Friday October 29 12:00 PM – Friday October 29 12:30 PM in Talks I

DedupliPy: a new deduplication package

Frits Hermans

Prior knowledge:
No previous knowledge expected

Summary

Deduplication or entity resolution is the task to identify which records belong to the same real world entity. DedupliPy is a new Python package that enables the user to quickly train a deduplication model with a minimum of data labelling. In this talk I explain how the algorithm works and I show in a live demo how you can start using DedupliPy today.

Description

Which of the following names belong to the same company: ‘AirBnB, ‘Airbus’, ‘AirBnb UK Ltd’ and ‘Airbus Ltd’? For humans this is an easy question but coding it brings a lot of challenges. Comparing all names with each other blows up the number of comparisons quadratically. When do two company names belong to the same company? Note how ‘AirBnB’ and ‘Airbus’ only differ by two letters and ‘Airbus’ and ‘Airbus Ltd’ by three letters. So the former pair is more similar but not a match whereas the other pair is a match. This shows that it is not so simple to distinguish if a pair is a match or not.

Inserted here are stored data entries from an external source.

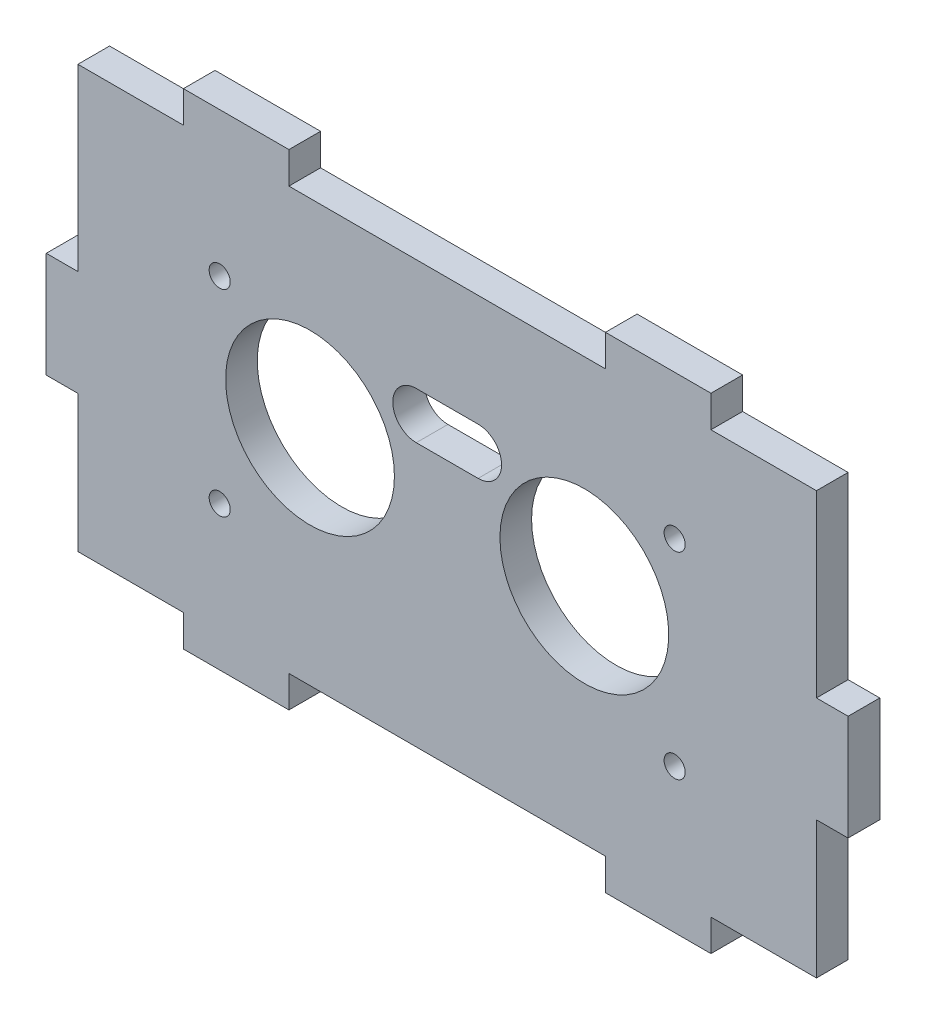
from build123d import *

# Parameters (mm, degrees)
SKETCH_1_R      = 8
SKETCH_1_R_2    = 1
EXTRUDE_1_DEPTH = 3


with BuildPart() as part:
    # 草图1 → 凸台-拉伸1 (new body)
    with BuildSketch(Plane.XY):
        Polygon((-35, -7.01394437), (-35, -20), (-25, -20), (-25, -23), (-15, -23), (-15, -20), (15, -20), (15, -23), (25, -23), (25, -20), (35, -20), (35, -7.01394437), (38, -7.01394437), (38, 2.98605563), (35, 2.98605563), (35, 20), (25, 20), (25, 23), (15, 23), (15, 20), (-15, 20), (-15, 23), (-25, 23), (-25, 20), (-35, 20), (-35, 2.98605563), (-38, 2.98605563), (-38, -7.01394437), align=None)
        with Locations((-13, 1.171567705)):
            Circle(SKETCH_1_R, mode=Mode.SUBTRACT)
        with Locations(Location((13, 1.171567705, 0), (0, 0, 180))):
            Circle(SKETCH_1_R, mode=Mode.SUBTRACT)
        with Locations((-21.56, 9.341567705)):
            Circle(SKETCH_1_R_2, mode=Mode.SUBTRACT)
        with Locations(Location((-21.56, -9.341567705, 0), (0, 0, 180))):
            Circle(SKETCH_1_R_2, mode=Mode.SUBTRACT)
        with Locations((21.56, -9.341567705)):
            Circle(SKETCH_1_R_2, mode=Mode.SUBTRACT)
        with Locations(Location((21.56, 9.341567705, 0), (0, 0, 180))):
            Circle(SKETCH_1_R_2, mode=Mode.SUBTRACT)
        with BuildLine():
            Line((-2.93, 9.425), (2.93, 9.425))
            ThreePointArc((2.93, 9.425), (5.155, 7.2), (2.93, 4.975))
            Line((2.93, 4.975), (-2.93, 4.975))
            ThreePointArc((-2.93, 4.975), (-5.155, 7.2), (-2.93, 9.425))
        make_face(mode=Mode.SUBTRACT)
    extrude(amount=EXTRUDE_1_DEPTH)


solid = part.part

The new Python package DedupliPy (www.deduplipy.com) implements a smart deduplication algorithm. The user provides only a small number of labelled record pairs during an active learning session. DedupliPy deals with the quadratic scaling problem in an efficient way. The package works out-of-the-box and allows advanced users to configure the algorithm to their needs.

This talk is for any data scientist who works with less-than-perfect text records like databases containing names or transactions. At the end of the talk you will be able to deduplicate your data with only a few lines of code using DedupliPy. Moreover, you will understand the challenges of deduplication and how the package deals with them.